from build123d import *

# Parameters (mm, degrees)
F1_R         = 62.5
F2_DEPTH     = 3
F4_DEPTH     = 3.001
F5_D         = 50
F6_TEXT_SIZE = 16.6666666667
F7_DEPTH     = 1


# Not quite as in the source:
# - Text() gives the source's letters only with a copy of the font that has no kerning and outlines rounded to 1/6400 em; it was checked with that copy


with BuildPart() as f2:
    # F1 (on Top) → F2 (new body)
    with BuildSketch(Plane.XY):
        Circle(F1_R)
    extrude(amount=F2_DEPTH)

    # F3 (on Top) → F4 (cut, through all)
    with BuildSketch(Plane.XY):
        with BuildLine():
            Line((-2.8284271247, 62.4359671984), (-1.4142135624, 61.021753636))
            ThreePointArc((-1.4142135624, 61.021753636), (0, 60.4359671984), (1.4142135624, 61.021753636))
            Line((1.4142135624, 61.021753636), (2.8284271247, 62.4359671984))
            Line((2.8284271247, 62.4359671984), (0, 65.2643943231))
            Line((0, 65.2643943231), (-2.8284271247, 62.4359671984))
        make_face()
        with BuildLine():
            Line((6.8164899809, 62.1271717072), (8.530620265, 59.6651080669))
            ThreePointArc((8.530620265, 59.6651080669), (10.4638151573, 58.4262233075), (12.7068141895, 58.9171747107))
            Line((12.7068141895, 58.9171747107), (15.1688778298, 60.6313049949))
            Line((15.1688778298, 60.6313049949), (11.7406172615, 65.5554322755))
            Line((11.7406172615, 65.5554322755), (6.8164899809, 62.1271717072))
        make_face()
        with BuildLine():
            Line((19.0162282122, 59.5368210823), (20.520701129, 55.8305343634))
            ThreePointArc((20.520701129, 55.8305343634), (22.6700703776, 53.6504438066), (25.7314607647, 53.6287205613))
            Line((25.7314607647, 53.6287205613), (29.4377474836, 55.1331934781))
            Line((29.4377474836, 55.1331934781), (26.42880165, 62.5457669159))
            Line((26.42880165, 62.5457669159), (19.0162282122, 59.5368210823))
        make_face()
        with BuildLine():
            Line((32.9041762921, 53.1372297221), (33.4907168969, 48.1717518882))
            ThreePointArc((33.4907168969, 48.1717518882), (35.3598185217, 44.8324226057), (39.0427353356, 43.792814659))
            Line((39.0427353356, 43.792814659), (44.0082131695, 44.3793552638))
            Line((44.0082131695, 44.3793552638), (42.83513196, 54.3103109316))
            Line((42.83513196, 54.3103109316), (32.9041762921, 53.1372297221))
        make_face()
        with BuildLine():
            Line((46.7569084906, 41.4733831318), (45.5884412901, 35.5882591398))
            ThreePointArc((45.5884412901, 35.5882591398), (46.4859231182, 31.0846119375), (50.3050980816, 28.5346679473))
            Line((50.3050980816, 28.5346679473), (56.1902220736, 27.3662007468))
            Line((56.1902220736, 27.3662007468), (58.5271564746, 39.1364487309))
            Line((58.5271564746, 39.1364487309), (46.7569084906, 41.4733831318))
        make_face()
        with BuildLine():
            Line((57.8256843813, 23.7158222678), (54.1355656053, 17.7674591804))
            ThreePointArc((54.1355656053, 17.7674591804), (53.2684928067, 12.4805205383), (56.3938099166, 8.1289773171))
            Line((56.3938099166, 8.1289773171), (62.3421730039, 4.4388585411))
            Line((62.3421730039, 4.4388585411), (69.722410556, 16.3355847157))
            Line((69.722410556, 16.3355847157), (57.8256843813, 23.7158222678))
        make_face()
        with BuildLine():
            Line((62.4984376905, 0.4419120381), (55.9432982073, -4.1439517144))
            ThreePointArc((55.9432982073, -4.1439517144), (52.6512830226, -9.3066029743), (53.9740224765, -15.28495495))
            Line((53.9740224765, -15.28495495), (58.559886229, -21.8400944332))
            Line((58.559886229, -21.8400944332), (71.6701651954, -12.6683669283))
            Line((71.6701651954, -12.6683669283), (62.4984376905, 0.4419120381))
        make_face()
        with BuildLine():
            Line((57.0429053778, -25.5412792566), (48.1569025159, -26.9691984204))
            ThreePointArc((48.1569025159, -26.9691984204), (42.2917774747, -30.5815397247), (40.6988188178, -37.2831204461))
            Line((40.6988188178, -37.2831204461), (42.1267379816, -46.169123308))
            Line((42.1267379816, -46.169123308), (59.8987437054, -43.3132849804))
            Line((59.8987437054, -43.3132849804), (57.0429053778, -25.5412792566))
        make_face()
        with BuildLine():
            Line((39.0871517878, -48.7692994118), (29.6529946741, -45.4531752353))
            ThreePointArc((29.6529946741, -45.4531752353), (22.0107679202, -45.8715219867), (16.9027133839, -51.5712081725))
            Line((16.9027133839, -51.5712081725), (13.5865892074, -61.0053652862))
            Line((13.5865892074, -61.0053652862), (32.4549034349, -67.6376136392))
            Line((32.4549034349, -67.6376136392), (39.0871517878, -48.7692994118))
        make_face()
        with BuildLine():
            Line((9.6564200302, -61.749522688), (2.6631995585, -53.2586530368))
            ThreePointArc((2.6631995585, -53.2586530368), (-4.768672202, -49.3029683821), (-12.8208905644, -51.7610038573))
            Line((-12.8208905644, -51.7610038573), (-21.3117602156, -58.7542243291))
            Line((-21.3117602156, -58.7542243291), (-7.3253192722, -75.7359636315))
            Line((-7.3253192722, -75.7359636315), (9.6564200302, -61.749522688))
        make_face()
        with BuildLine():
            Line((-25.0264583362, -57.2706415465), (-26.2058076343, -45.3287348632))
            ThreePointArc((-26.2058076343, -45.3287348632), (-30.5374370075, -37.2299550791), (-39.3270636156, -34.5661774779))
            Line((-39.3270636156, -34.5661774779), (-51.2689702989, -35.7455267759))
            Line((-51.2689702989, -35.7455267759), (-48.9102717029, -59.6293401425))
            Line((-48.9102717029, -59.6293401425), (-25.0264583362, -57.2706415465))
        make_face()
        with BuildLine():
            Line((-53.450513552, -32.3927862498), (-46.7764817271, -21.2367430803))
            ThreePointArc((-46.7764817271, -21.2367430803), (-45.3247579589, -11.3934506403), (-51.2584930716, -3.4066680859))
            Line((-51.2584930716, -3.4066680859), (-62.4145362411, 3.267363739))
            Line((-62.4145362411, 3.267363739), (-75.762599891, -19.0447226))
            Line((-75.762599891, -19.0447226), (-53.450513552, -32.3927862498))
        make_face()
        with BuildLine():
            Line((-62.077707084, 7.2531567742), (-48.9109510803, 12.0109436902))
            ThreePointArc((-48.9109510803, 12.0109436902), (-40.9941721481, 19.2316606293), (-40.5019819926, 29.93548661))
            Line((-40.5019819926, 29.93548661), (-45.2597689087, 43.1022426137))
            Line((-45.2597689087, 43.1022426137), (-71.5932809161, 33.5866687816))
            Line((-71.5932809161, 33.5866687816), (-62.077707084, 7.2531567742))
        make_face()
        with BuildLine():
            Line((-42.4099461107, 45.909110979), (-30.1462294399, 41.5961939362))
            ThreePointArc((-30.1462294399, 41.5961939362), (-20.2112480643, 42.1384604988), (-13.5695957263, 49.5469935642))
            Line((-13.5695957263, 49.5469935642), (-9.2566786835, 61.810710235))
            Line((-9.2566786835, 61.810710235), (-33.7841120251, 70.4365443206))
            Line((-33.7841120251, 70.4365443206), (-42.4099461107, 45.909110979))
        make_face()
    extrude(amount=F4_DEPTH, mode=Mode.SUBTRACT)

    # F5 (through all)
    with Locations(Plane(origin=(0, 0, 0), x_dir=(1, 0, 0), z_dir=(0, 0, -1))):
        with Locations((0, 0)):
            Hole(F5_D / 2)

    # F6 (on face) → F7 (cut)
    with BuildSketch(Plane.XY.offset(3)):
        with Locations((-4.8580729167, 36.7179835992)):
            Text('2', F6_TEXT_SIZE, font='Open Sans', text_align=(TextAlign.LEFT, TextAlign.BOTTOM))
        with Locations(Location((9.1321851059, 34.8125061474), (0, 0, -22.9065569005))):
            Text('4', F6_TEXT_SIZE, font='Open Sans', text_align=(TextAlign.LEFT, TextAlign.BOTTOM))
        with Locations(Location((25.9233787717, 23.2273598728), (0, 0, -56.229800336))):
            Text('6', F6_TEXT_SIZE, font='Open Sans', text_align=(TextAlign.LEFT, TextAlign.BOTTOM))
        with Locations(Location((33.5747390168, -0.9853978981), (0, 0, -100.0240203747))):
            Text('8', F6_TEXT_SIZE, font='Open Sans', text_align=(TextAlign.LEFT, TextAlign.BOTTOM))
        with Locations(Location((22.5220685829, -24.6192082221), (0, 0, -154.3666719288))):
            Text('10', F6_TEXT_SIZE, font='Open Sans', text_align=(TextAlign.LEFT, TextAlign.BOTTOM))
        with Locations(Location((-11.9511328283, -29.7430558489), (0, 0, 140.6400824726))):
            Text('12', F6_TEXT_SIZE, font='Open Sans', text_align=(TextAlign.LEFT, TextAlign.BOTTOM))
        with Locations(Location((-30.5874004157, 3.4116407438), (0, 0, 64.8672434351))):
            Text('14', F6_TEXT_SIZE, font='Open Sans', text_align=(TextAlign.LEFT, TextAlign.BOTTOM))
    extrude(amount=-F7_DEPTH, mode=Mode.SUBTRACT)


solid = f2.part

--*--

*Exercise description*
Scan the records above for the word "SUBTRACT". Copy each line that has it.

*Answer below*
    extrude(amount=F4_DEPTH, mode=Mode.SUBTRACT)
    extrude(amount=-F7_DEPTH, mode=Mode.SUBTRACT)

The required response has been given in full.